MzeroMiko / VMamba

VMamba: Visual State Space Models,code is based on mamba
MIT License
2.01k stars 114 forks source link

Effects of SSM_D_STATE and SSM_RATIO #74

Open DianCh opened 6 months ago

DianCh commented 6 months ago

Hi, I noticed that the model consumes a lot of memory, and wondering if you managed to reduce it by changing SSM_D_STATE or SSM_RATIO while maintain/improve the performance (they were changed in configs/vssm1/vssm_tiny_224_0229.yaml compared to original configs/vssm/vssm_tiny_224.yaml) - do they affect the performance a lot?

MzeroMiko commented 6 months ago

The performance of vssm_tiny_224_0229 and 0230 are both ~ 82.4,actually I do not think it'll make any difference if D_STATE=1 or 16, when D_STATE is small, but this needs to be proved. SSM_RATIO affects performance a lot, that is for sure.

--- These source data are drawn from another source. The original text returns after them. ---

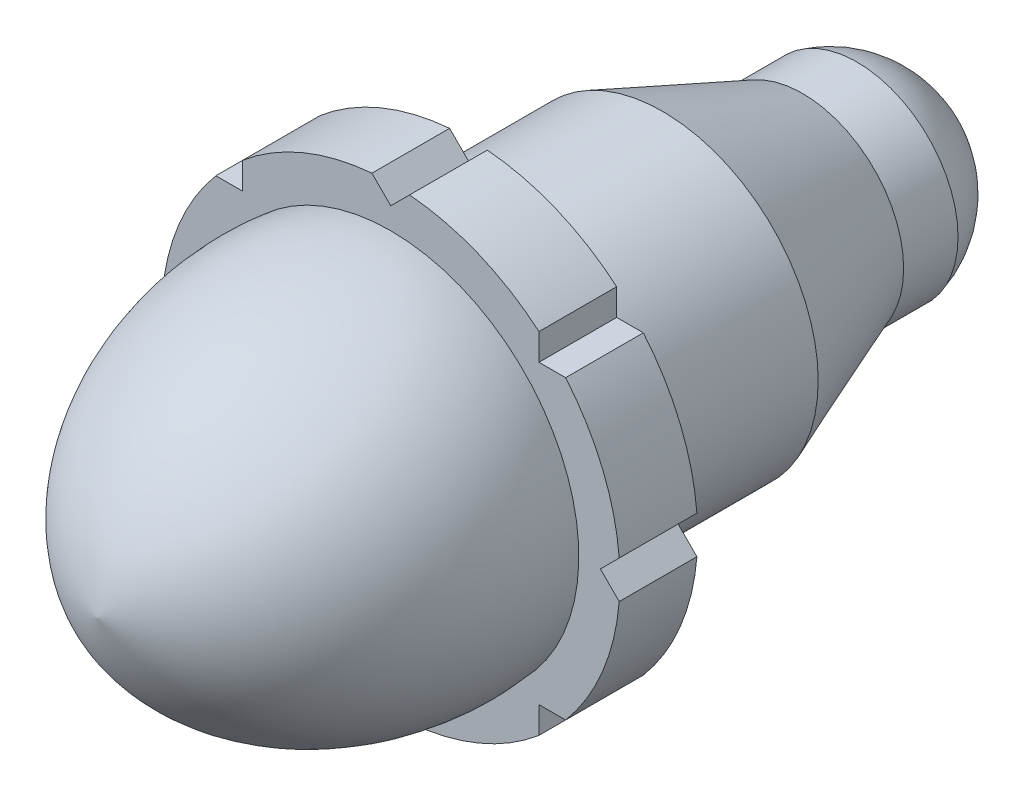
ISO-10303-21;
HEADER;
FILE_DESCRIPTION(('STEP AP214'),'2;1');
FILE_NAME('part.step','',(''),(''),'','','');
FILE_SCHEMA(('AUTOMOTIVE_DESIGN { 1 0 10303 214 1 1 1 1 }'));
ENDSEC;
DATA;
#1=APPLICATION_CONTEXT('core data for automotive mechanical design processes');
#2=APPLICATION_PROTOCOL_DEFINITION('international standard','automotive_design',2000,#1);
#3=PRODUCT_CONTEXT('',#1,'mechanical');
#4=PRODUCT('Part','Part','',(#3));
#5=PRODUCT_RELATED_PRODUCT_CATEGORY('part','',(#4));
#6=PRODUCT_DEFINITION_FORMATION('','',#4);
#7=PRODUCT_DEFINITION_CONTEXT('part definition',#1,'design');
#8=PRODUCT_DEFINITION('design','',#6,#7);
#9=PRODUCT_DEFINITION_SHAPE('','',#8);
#10=(LENGTH_UNIT() NAMED_UNIT(*) SI_UNIT(.MILLI.,.METRE.));
#11=(NAMED_UNIT(*) PLANE_ANGLE_UNIT() SI_UNIT($,.RADIAN.));
#12=(NAMED_UNIT(*) SI_UNIT($,.STERADIAN.) SOLID_ANGLE_UNIT());
#13=UNCERTAINTY_MEASURE_WITH_UNIT(LENGTH_MEASURE(1.E-05),#10,'distance_accuracy_value','');
#14=(GEOMETRIC_REPRESENTATION_CONTEXT(3) GLOBAL_UNCERTAINTY_ASSIGNED_CONTEXT((#13)) GLOBAL_UNIT_ASSIGNED_CONTEXT((#10,
#11,#12)) REPRESENTATION_CONTEXT('',''));
#15=CARTESIAN_POINT('',(0.,0.,0.));
#16=DIRECTION('',(0.,0.,1.));
#17=DIRECTION('',(1.,0.,0.));
#18=AXIS2_PLACEMENT_3D('',#15,#16,#17);
#19=CARTESIAN_POINT('',(0.,0.,7.65246356793072));
#20=DIRECTION('',(0.,0.,1.));
#21=DIRECTION('',(1.,0.,0.));
#22=AXIS2_PLACEMENT_3D('',#19,#20,#21);
#23=CYLINDRICAL_SURFACE('',#22,7.493);
#24=CARTESIAN_POINT('',(0.,0.,10.6555800844823));
#25=DIRECTION('',(0.,0.,1.));
#26=DIRECTION('',(1.,0.,0.));
#27=AXIS2_PLACEMENT_3D('',#24,#25,#26);
#28=CIRCLE('',#27,7.493);
#29=CARTESIAN_POINT('',(7.46766154888369,0.615694722507866,10.6555800844823));
#30=VERTEX_POINT('',#29);
#31=CARTESIAN_POINT('',(5.7157960342478,4.84507220739558,10.6555800844823));
#32=VERTEX_POINT('',#31);
#33=EDGE_CURVE('E404',#30,#32,#28,.T.);
#34=ORIENTED_EDGE('',*,*,#33,.F.);
#35=DIRECTION('',(0.,0.,1.));
#36=VECTOR('',#35,1.);
#37=CARTESIAN_POINT('',(7.46766154888369,0.615694722507866,-7.12441991551767));
#38=LINE('',#37,#36);
#39=CARTESIAN_POINT('',(7.46766154888369,0.615694722507866,8.11558008448232));
#40=VERTEX_POINT('',#39);
#41=EDGE_CURVE('E261',#40,#30,#38,.T.);
#42=ORIENTED_EDGE('',*,*,#41,.F.);
#43=CARTESIAN_POINT('',(0.,0.,8.11558008448233));
#44=DIRECTION('',(0.,0.,1.));
#45=DIRECTION('',(1.,0.,0.));
#46=AXIS2_PLACEMENT_3D('',#43,#44,#45);
#47=CIRCLE('',#46,7.493);
#48=CARTESIAN_POINT('',(5.7157960342478,4.84507220739558,8.11558008448233));
#49=VERTEX_POINT('',#48);
#50=EDGE_CURVE('E438',#40,#49,#47,.T.);
#51=ORIENTED_EDGE('',*,*,#50,.T.);
#52=DIRECTION('',(0.,0.,1.));
#53=VECTOR('',#52,1.);
#54=CARTESIAN_POINT('',(5.7157960342478,4.84507220739558,-7.12441991551767));
#55=LINE('',#54,#53);
#56=EDGE_CURVE('E50',#49,#32,#55,.T.);
#57=ORIENTED_EDGE('',*,*,#56,.T.);
#58=EDGE_LOOP('',(#34,#42,#51,#57));
#59=FACE_BOUND('',#58,.T.);
#60=ADVANCED_FACE('F35',(#59),#23,.T.);
#61=CARTESIAN_POINT('',(5.71579603424777,-4.84507220739562,8.11558008448232));
#62=VERTEX_POINT('',#61);
#63=CARTESIAN_POINT('',(7.46766154888368,-0.615694722507918,8.11558008448233));
#64=VERTEX_POINT('',#63);
#65=EDGE_CURVE('E440',#62,#64,#47,.T.);
#66=ORIENTED_EDGE('',*,*,#65,.T.);
#67=DIRECTION('',(0.,0.,1.));
#68=VECTOR('',#67,1.);
#69=CARTESIAN_POINT('',(7.46766154888369,-0.615694722507918,-7.12441991551767));
#70=LINE('',#69,#68);
#71=CARTESIAN_POINT('',(7.46766154888369,-0.615694722507918,10.6555800844823));
#72=VERTEX_POINT('',#71);
#73=EDGE_CURVE('E58',#64,#72,#70,.T.);
#74=ORIENTED_EDGE('',*,*,#73,.T.);
#75=CARTESIAN_POINT('',(5.71579603424777,-4.84507220739562,10.6555800844823));
#76=VERTEX_POINT('',#75);
#77=EDGE_CURVE('E409',#76,#72,#28,.T.);
#78=ORIENTED_EDGE('',*,*,#77,.F.);
#79=DIRECTION('',(0.,0.,1.));
#80=VECTOR('',#79,1.);
#81=CARTESIAN_POINT('',(5.71579603424777,-4.84507220739562,-7.12441991551767));
#82=LINE('',#81,#80);
#83=EDGE_CURVE('E281',#62,#76,#82,.T.);
#84=ORIENTED_EDGE('',*,*,#83,.F.);
#85=EDGE_LOOP('',(#66,#74,#78,#84));
#86=FACE_BOUND('',#85,.T.);
#87=ADVANCED_FACE('F394',(#86),#23,.T.);
#88=CARTESIAN_POINT('',(0.615694722507892,-7.46766154888369,8.11558008448232));
#89=VERTEX_POINT('',#88);
#90=CARTESIAN_POINT('',(4.84507220739556,-5.71579603424782,8.11558008448233));
#91=VERTEX_POINT('',#90);
#92=EDGE_CURVE('E454',#89,#91,#47,.T.);
#93=ORIENTED_EDGE('',*,*,#92,.T.);
#94=DIRECTION('',(0.,0.,1.));
#95=VECTOR('',#94,1.);
#96=CARTESIAN_POINT('',(4.84507220739556,-5.71579603424782,-7.12441991551767));
#97=LINE('',#96,#95);
#98=CARTESIAN_POINT('',(4.84507220739556,-5.71579603424782,10.6555800844823));
#99=VERTEX_POINT('',#98);
#100=EDGE_CURVE('E275',#91,#99,#97,.T.);
#101=ORIENTED_EDGE('',*,*,#100,.T.);
#102=CARTESIAN_POINT('',(0.615694722507892,-7.46766154888369,10.6555800844823));
#103=VERTEX_POINT('',#102);
#104=EDGE_CURVE('E413',#103,#99,#28,.T.);
#105=ORIENTED_EDGE('',*,*,#104,.F.);
#106=DIRECTION('',(0.,0.,1.));
#107=VECTOR('',#106,1.);
#108=CARTESIAN_POINT('',(0.615694722507892,-7.46766154888369,-7.12441991551767));
#109=LINE('',#108,#107);
#110=EDGE_CURVE('E299',#89,#103,#109,.T.);
#111=ORIENTED_EDGE('',*,*,#110,.F.);
#112=EDGE_LOOP('',(#93,#101,#105,#111));
#113=FACE_BOUND('',#112,.T.);
#114=ADVANCED_FACE('F399',(#113),#23,.T.);
#115=CARTESIAN_POINT('',(-4.84507220739564,-5.71579603424775,8.11558008448232));
#116=VERTEX_POINT('',#115);
#117=CARTESIAN_POINT('',(-0.615694722507892,-7.46766154888369,8.11558008448233));
#118=VERTEX_POINT('',#117);
#119=EDGE_CURVE('E450',#116,#118,#47,.T.);
#120=ORIENTED_EDGE('',*,*,#119,.T.);
#121=DIRECTION('',(0.,0.,1.));
#122=VECTOR('',#121,1.);
#123=CARTESIAN_POINT('',(-0.615694722507892,-7.46766154888369,-7.12441991551767));
#124=LINE('',#123,#122);
#125=CARTESIAN_POINT('',(-0.615694722507892,-7.46766154888369,10.6555800844823));
#126=VERTEX_POINT('',#125);
#127=EDGE_CURVE('E293',#118,#126,#124,.T.);
#128=ORIENTED_EDGE('',*,*,#127,.T.);
#129=CARTESIAN_POINT('',(-4.84507220739564,-5.71579603424775,10.6555800844823));
#130=VERTEX_POINT('',#129);
#131=EDGE_CURVE('E482',#130,#126,#28,.T.);
#132=ORIENTED_EDGE('',*,*,#131,.F.);
#133=DIRECTION('',(0.,0.,1.));
#134=VECTOR('',#133,1.);
#135=CARTESIAN_POINT('',(-4.84507220739564,-5.71579603424775,-7.12441991551767));
#136=LINE('',#135,#134);
#137=EDGE_CURVE('E315',#116,#130,#136,.T.);
#138=ORIENTED_EDGE('',*,*,#137,.F.);
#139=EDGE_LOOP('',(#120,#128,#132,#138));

HashmatShadab commented 5 months ago

The changes in v2 with respect v0 models seem to be setting the D_STATE from 16 to 1 while adding the mlp branch (MLP_RATIO=4) in VSSBlock . Further within the SS2D block the in_proj layer output dimension is d_inner now instead of d_inner*2(no skip connection inside the SS2D block).

Is this correct?

MzeroMiko commented 5 months ago

Yes, you are correct basically.

HashmatShadab commented 5 months ago

Thanks! Can you please elaborate on what where the reasons for setting D_STATE from 16 to 1 and if you have any insights on the effect of varying D_STATE.